- **Assignment**
In the entries below, the lines from the one with "Constant3/1 -> Bus" through the one with "Ground Z Level : Constant" are to be copied exactly; both ends count.

___ Excerpted records

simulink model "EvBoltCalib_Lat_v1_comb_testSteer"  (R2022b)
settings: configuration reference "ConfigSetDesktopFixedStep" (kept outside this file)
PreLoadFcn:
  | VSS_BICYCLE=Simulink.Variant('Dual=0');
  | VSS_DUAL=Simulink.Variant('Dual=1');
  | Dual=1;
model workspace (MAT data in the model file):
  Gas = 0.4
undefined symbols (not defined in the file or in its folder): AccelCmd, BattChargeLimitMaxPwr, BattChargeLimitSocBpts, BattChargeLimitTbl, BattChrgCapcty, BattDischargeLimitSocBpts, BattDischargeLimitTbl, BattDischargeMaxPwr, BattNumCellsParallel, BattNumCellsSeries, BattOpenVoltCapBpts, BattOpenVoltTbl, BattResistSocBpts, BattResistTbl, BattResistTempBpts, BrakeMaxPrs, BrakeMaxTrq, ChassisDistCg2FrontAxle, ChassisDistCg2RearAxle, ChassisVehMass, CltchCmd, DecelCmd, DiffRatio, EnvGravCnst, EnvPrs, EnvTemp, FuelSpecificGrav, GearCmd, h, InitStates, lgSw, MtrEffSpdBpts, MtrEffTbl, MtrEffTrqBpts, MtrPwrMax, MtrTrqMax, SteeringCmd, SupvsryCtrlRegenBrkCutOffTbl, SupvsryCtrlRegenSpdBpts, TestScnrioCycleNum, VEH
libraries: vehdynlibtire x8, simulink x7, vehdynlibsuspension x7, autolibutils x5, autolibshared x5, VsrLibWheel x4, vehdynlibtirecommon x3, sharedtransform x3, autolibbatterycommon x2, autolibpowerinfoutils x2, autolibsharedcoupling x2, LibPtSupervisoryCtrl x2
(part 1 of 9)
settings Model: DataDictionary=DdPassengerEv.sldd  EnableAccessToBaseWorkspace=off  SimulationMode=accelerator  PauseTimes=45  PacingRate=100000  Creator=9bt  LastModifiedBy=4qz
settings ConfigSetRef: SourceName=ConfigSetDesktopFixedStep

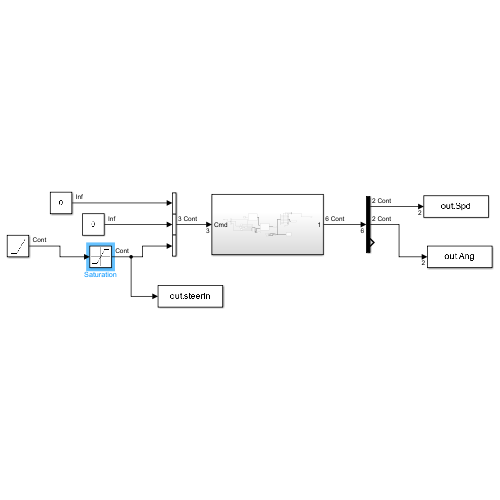
[thumbnail: Simulink's stored preview of the top-level diagram]
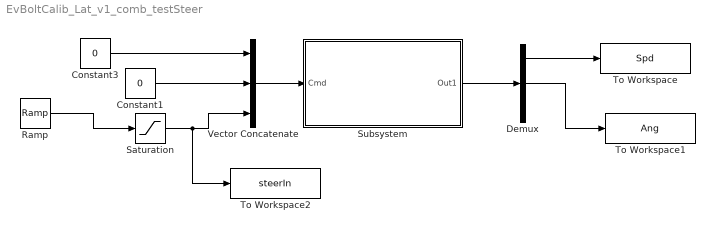
== system EvBoltCalib_Lat_v1_comb_testSteer ==
  Constant1 : Constant  Value=0
  Constant3 : Constant  Value=0
  Demux : Demux  Outputs=3
  Ramp : simulink/Sources/Ramp  slope=1  start=0  InitialOutput=0
  Saturation : Saturate  UpperLimit=2.91*pi  LowerLimit=-2.91*pi
  Subsystem : Subsystem
  To Workspace : ToWorkspace  VariableName=Spd  SampleTime=-1
      settings: Save2DSignal=2-D array (concatenate along first dimension)
  To Workspace1 : ToWorkspace  VariableName=Ang  SampleTime=-1
      settings: Save2DSignal=2-D array (concatenate along first dimension)
  To Workspace2 : ToWorkspace  VariableName=steerIn  SampleTime=-1
      settings: Save2DSignal=2-D array (concatenate along first dimension)
  Vector Concatenate : Concatenate  NumInputs=3
  wires:
  Ramp/1 -> Saturation/1
  Vector Concatenate/1 -> Subsystem/1(Cmd)
  Subsystem/1(Out1) -> Demux/1
  Constant3/1 -> Vector Concatenate/1
  Constant1/1 -> Vector Concatenate/2
  Demux/1 -> To Workspace/1
  Demux/2 -> To Workspace1/1
  Saturation/1 -> To Workspace2/1, Vector Concatenate/3

== system EvBoltCalib_Lat_v1_comb_testSteer/Subsystem ==
  Cmd : Inport
  Bus Creator : BusCreator  Inputs=AccelCmd,DecelCmd,GearCmd,CltchCmd,lgSw,SteeringCmd
  Bus Creator1 : BusCreator  Inputs=7
  Bus Creator2 : BusCreator  Inputs=2
  Bus Selector : BusSelector  OutputSignals=Veh.Chassis.VehSpd,Veh.Batt.BattSoc,Veh.Batt.BattCurr,Veh.Batt.BattVolt,Veh.Diff.Axl1.Axl1Trq,Veh.Chassis.X,Veh.Whl.WhlAngl
  Clock : Clock
  Constant : Constant  Value=0
  Constant2 : Constant
  Constant3 : Constant  Value=0
  Constant4 : Constant
  Demux : Demux  Outputs=3
  Environment : Subsystem
  Monitor : Subsystem
  To Workspace : ToWorkspace  VariableName=EvBoltCalib  SaveFormat=Structure With Time  SampleTime=-1
  Vector Concatenate : Concatenate  NumInputs=3
  Vehicle : Subsystem
  Out1 : Outport
  wires:
  Bus Creator2/1 -> Bus Selector/1, Monitor/1(Monitor)  "SimMonitor"
  Vehicle/1(Veh) -> [Veh]
  Demux/2 -> Bus Creator/2  "DecelCmd"
  [Driver] -> Bus Creator2/1  "Driver"
  Bus Selector/3 -> Bus Creator1/3  "<BattCurr>"
  Constant3/1 -> Bus Creator/4  "CltchCmd"
  Cmd/1 -> Demux/1
  Bus Creator/1 -> [Driver], Vehicle/2(Driver)
  Bus Selector/1 -> Vector Concatenate/1, Bus Creator1/1  "<VehSpd>"
  Clock/1 -> Vector Concatenate/3, Bus Creator1/7
  [Veh] -> Bus Creator2/2  "Veh"
  Bus Selector/2 -> Bus Creator1/2  "<BattSoc>"
  Bus Selector/5 -> Bus Creator1/5  "<Axl1Trq>"
  Environment/1(Env) -> Vehicle/1(Env)
  Demux/3 -> Bus Creator/6  "SteeringCmd"
  Bus Selector/4 -> Bus Creator1/4  "<BattVolt>"
  Constant/1 -> Environment/1(Grade)
  Constant4/1 -> Bus Creator/5  "lgSw"
  Bus Creator1/1 -> To Workspace/1
  Constant2/1 -> Bus Creator/3  "GearCmd"
  Demux/1 -> Bus Creator/1  "AccelCmd"
  Vector Concatenate/1 -> Out1/1
  Bus Selector/6 -> Bus Creator1/6  "<X>"
  Bus Selector/7 -> Vector Concatenate/2  "<WhlAngl>"

== system EvBoltCalib_Lat_v1_comb_testSteer/Subsystem/Environment ==
  Grade : Inport
  Friction : Constant  Value=ones(4,1).*1
  Ground Feedback : Subsystem  Variant=on  VariantControlMode=label  LabelModeActiveChoice=0
  Ground Z Level : Constant  Value=zeros(4,1)
  Subsystem : Subsystem
  Subsystem1 : Subsystem
      mask Display: disp('')
  Env : Outport
  wires:
  Subsystem/3(WindVel) -> Subsystem1/3(WindVel)
  Subsystem/2(EnvTemp) -> Subsystem1/2(EnvTemp)
  Subsystem/4(RoadGrade) -> Subsystem1/4(RoadGrade)
  Subsystem/1(EnvPrs) -> Subsystem1/1(EnvPrs)
  Subsystem1/1(Env) -> Env/1
  Friction/1 -> Ground Feedback/1(Friction)
  Ground Feedback/1(Ground) -> Subsystem1/5(GroundBus)  "Gnd"
  Ground Z Level/1 -> Ground Feedback/2(Ground Z Level)
  Grade/1 -> Subsystem/1(Grade)

== system EvBoltCalib_Lat_v1_comb_testSteer/Subsystem/Monitor ==
  Monitor : Inport
  Calculate Fuel MPG : Subsystem  Commented=on
  Calculate Powertrain Energy : Subsystem
  Terminator : Terminator
  Terminator3 : Terminator
  wires:
  Calculate Fuel MPG/1(FuelEconMPG) -> Terminator/1  "FuelEconMpg"
  Monitor/1 -> Calculate Powertrain Energy/1(Monitor), Calculate Fuel MPG/1(Monitor)
  Calculate Powertrain Energy/1(TransEnrgyOutkWh) -> Terminator3/1  "DiffEnrgyInkWh"

== system EvBoltCalib_Lat_v1_comb_testSteer/Subsystem/Vehicle ==
  Env : Inport
  Driver : Inport  Port=2
  Battery : Subsystem
  Bus Creator : BusCreator  Inputs=6
  Bus Selector : BusSelector  OutputSignals=Omega
  Front Wheel Drive : Subsystem  Variant=on  VariantControlMode=label  VariantControl=1  LabelModeActiveChoice=0
  Motor : Subsystem
  "Powertrain Supervisory Controller " : Subsystem  AncestorBlock=LibPtSupervisoryCtrl/Powertrain Supervisory Controller
      settings: LibrarySourceBlock=LibPtSupervisoryCtrl/Powertrain Supervisory Controller
  Vehicle Dynamics : Subsystem  Variant=on  VariantControlMode=label  LabelModeActiveChoice=Veh14DOF  mask{VehDynSel=Vehicle 14DOF}
      mask prompts: VehDynSel "Select the driver"
      mask init:
      | choice = get_param(gcb,'VehDynSel');
      | curBlk = gcb;
      | oldVariant = get_param(gcb,'LabelModeActiveChoice');
      | switch choice
      |     case 'Vehicle Longitudinal'
      |         set_param(curBlk, 'LabelModeActiveChoice', 'VehLong');
      | %     case 'Vehicle 3DOF'   
      | %         set_param(curBlk, 'LabelModeActiveChoice', 'Veh3DOF');
      |     case 'Vehicle 7DOF'   
      |         set_param(curBlk, 'LabelModeActiveChoice', 'Veh7DOF');
      |     case 'Vehicle 14DOF'   
      |         set_param(curBlk, 'LabelModeActiveChoice', 'Veh14DOF');
      | end
      mask TypeOptions VehDynSel: Vehicle Longitudinal | Vehicle 7DOF | Vehicle 14DOF
  Veh : Outport
  wires:
  "Powertrain Supervisory Controller "/1(SupvsryCtrl) -> Vehicle Dynamics/2(SupvsryCtrl), Motor/1(SupvsryCtrl), [SupvsryCtrl]
  Driver/1 -> "Powertrain Supervisory Controller "/1(Driver)
  Bus Creator/1 -> Veh/1  "Veh"
  [SupvsryCtrl] -> Bus Creator/1  "SupvsryCtrl"
  [Batt] -> Bus Creator/2  "Batt"
  [Mtr] -> Bus Creator/3  "Mtr"
  [Whl] -> Bus Creator/5  "Whl"
  [Chassis] -> Bus Creator/6  "Chassis"
  Battery/1(Batt) -> "Powertrain Supervisory Controller "/4(Batt), [Batt]
  Motor/1(Mtr) -> "Powertrain Supervisory Controller "/3(Mtr), [Mtr]
  Env/1 -> Vehicle Dynamics/1(Env)
  Vehicle Dynamics/2(Chassis) -> "Powertrain Supervisory Controller "/2(Chassis), [Chassis]
  Vehicle Dynamics/1(Whl) -> [Whl]
  [Whl] -> Bus Selector/1
  [Diff] -> Bus Creator/4  "Diff"
  Bus Selector/1 -> Front Wheel Drive/2(Omega)  "<Omega>"
  Front Wheel Drive/1(Diff) -> [Diff]
  Front Wheel Drive/2(AxlTrq) -> Vehicle Dynamics/3(AxlTrq)
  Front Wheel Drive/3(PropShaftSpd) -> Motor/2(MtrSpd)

______

- **Answer to this problem**
  Constant3/1 -> Bus Creator/4  "CltchCmd"
  Cmd/1 -> Demux/1
  Bus Creator/1 -> [Driver], Vehicle/2(Driver)
  Bus Selector/1 -> Vector Concatenate/1, Bus Creator1/1  "<VehSpd>"
  Clock/1 -> Vector Concatenate/3, Bus Creator1/7
  [Veh] -> Bus Creator2/2  "Veh"
  Bus Selector/2 -> Bus Creator1/2  "<BattSoc>"
  Bus Selector/5 -> Bus Creator1/5  "<Axl1Trq>"
  Environment/1(Env) -> Vehicle/1(Env)
  Demux/3 -> Bus Creator/6  "SteeringCmd"
  Bus Selector/4 -> Bus Creator1/4  "<BattVolt>"
  Constant/1 -> Environment/1(Grade)
  Constant4/1 -> Bus Creator/5  "lgSw"
  Bus Creator1/1 -> To Workspace/1
  Constant2/1 -> Bus Creator/3  "GearCmd"
  Demux/1 -> Bus Creator/1  "AccelCmd"
  Vector Concatenate/1 -> Out1/1
  Bus Selector/6 -> Bus Creator1/6  "<X>"
  Bus Selector/7 -> Vector Concatenate/2  "<WhlAngl>"

== system EvBoltCalib_Lat_v1_comb_testSteer/Subsystem/Environment ==
  Grade : Inport
  Friction : Constant  Value=ones(4,1).*1
  Ground Feedback : Subsystem  Variant=on  VariantControlMode=label  LabelModeActiveChoice=0
  Ground Z Level : Constant  Value=zeros(4,1)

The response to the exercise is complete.